Information given Start Marker

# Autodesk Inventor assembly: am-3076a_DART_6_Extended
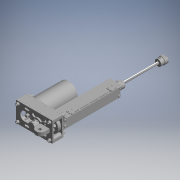
[picture p0: Inventor's stored thumbnail of the model, 180x180]
Saved by Autodesk Inventor 2017 SP1 (Build 210196100, 196)
## iProperties
Created: 2016-01-12
Part Number: am-3076a_DART_6_Extended
Description: STEP AP203
Document SubType Name: Assembly
Designer: steele
Sending System: SolidWorks 2014
Preprocessor: SwSTEP 2.0
Title: am-3076a DART 6.STEP
Revision Number: ANY
## Documents named in this file (5)
- D:\snobotics\CAD-MfgResources\Andy-Mark\Linear Actuators\DART 6 in Actuator AM-3076a\am-3076a_DART_6_Extended.iam
- D:\snobotics\CAD-MfgResources\Andy-Mark\Linear Actuators\DART 6 in Actuator AM-3076a\am-3275 DART Motor Module.iam
- D:\snobotics\CAD-MfgResources\Andy-Mark\Linear Actuators\DART 6 in Actuator AM-3076a\am-3289 DART 6 Lead Screw Module.iam
- D:\snobotics\CAD-MfgResources\Andy-Mark\Linear Actuators\DART 6 in Actuator AM-3076a\Dart Extension.ipt
- D:\snobotics\CAD-MfgResources\Andy-Mark\Linear Actuators\DART 6 in Actuator AM-3076a\am-3258 DART Ram Cap.ipt
## Components (4 placed, 4 different names)
1. am-3275 DART Motor Module_1 [sub-assembly]
2. am-3289 DART 6 Lead Screw Module_2 [sub-assembly] — Insert:1
3. Dart Extension:1 — Insert:1, Insert:2
4. am-3258 DART Ram Cap:1 — Insert:2
## Relationships (2: Insert 2)
- Insert:1: am-3289 DART 6 Lead Screw Module_2 ↔ Dart Extension:1
- Insert:2: Dart Extension:1 ↔ am-3258 DART Ram Cap:1

Information given End Marker

The problem ->
Tally the lines of the records that contain the word "Inventor", then give only the tally.

Response to this task ->
3